Think about it, the wizarding world hasn’t changed in hundreds of years while in that same space of time the muggle world has figured out fucking space travel. I know it’s a cliché to say to say someone could have fucking shot Voldemort, but seriously, somebody totally fucking could have, he killed like 50 people, he was effectively a terrorist, if anyone in the wizarding world bothered to ask for help from the muggles instead of just telling them there was an invisible asshole flying around shooting death curses at everyone, they may have been able to help. 

Pretty much the only reason Voldermort thinks he’s better than muggles is because he’s able to kill them with impunity using magic, something he’s only able to do so easily because muggles don’t understand what magic is. Voldemort is basically like a fucking disease, he’s an invisible, lurking entity preying on mankind from the shadows like a cowardly piece of shit. You know what else did that? Smallpox and we stomped that to death the second we understood it. That’s the difference between muggles and wizards, when muggles don’t understand something, they figure it out.

And here’s the kicker, the only reason muggles don’t understand magic at all is because the wizarding world deliberately withholds information about it.
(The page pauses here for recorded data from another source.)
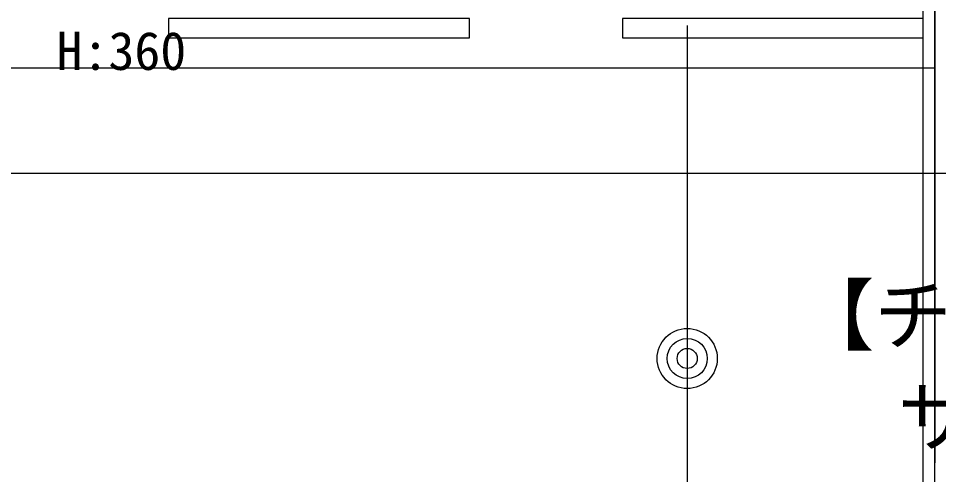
# Model space of a CAD drawing. Units: millimetres at full size, sheet at 1:100. Extents: x 3352 to 127672, y -40372 to 101181.
# Drawn here: x 56974 to 60799, y -16583 to -14688 of the extents above; entities that cross this region are included whole.
import ezdxf
from ezdxf.enums import TextEntityAlignment as Align

# ---------------------------------------------------------------- set-up
doc = ezdxf.new("R2010")
doc.units = ezdxf.units.MM
doc.header["$LTSCALE"] = 100
doc.layers.add('0-0', color=134, linetype='Continuous', lineweight=18)
doc.styles.add('ＭＳ ゴシック', font='')
doc.styles.get('ＭＳ ゴシック').set_extended_font_data('MS Gothic')

msp = doc.modelspace()

# ---------------------------------------------------------------- linework, layer by layer
at = {"layer": '0-0', "color": 253}
msp.add_line((60782.3, -9873.3), (60782.3, -16534.3), dxfattribs=at)
at = {"layer": '0-0'}
for p, q in [((60734.9, -18227.9), (60734.9, -13853.7)), ((57598.6, -14688.7), (57598.6, -14768.7)), ((58848.6, -14688.7), (57598.6, -14688.7)), ((58848.6, -14768.7), (58848.6, -14688.7)), ((60734.9, -14688.7), (59484.9, -14688.7)), ((59753.9, -14717.4), (59753.9, -16844.7)), ((57598.6, -14768.7), (58848.6, -14768.7))]:
    msp.add_line(p, q, dxfattribs=at)
at = {"layer": '0-0', "color": 47}
msp.add_line((24819.8, -14893.3), (60782.3, -14893.3), dxfattribs=at)
at = {"layer": '0-0'}
for points in [[(60847.3, -18203.3), (60782.3, -18203.3), (60782.3, -9873.3)], [(59484.9, -14688.7), (59484.9, -14768.7), (60734.9, -14768.7)]]:
    msp.add_lwpolyline(points, dxfattribs=at)
at = {"layer": '0-0', "color": 1}
msp.add_lwpolyline([(61882.3, -13331.3), (61882.3, -15331.3), (56582.3, -15331.3), (56582.3, -13331.3)], close=True, dxfattribs=at)
at = {"layer": '0-0'}
for radius in [125, 83.3, 41.7]:
    msp.add_circle((59753.9, -16100.4), radius, dxfattribs=at)

# ---------------------------------------------------------------- texts
at = {"layer": '0-0', "color": 230, "style": 'ＭＳ ゴシック'}
msp.add_text('H:360', height=158.4, dxfattribs=at).set_placement((57133.1, -14949.2), align=Align.BOTTOM_LEFT)
at = {"layer": '0-0', "color": 5, "style": 'ＭＳ ゴシック'}
for s, p in [('【チャンネルサイン】', (60206.9, -16110.7)), (' サイン：H300', (60466.8, -16531.9))]:
    msp.add_text(s, height=237.6, dxfattribs=at).set_placement(p, align=Align.BOTTOM_LEFT)

doc.saveas('drawing.dxf')

However, even if the wizarding world kept doing that, it’d only be a matter of time until a muggle figured out what magic was and how to stop or harness it because that’s what humanity does, it pushes past what we think is impossible to see what’s on the other side. We didn’t understand the sun as a species originally and now we use it to power satellites and smartphones.

The wizarding world isn’t a realm of infinite possibilities, it’s a universe of strict limitations where boundaries are never questioned. The muggle world is where the real magic happens. That’s why during the course of the Harry Potter books, which are set between 1991 and 1998, the muggle world (our world) discovered dark matter, cloned a sheep and invented fucking MP3s while the wizarding world were literally paying some dipshit to figure out what the purpose of a rubber duck was.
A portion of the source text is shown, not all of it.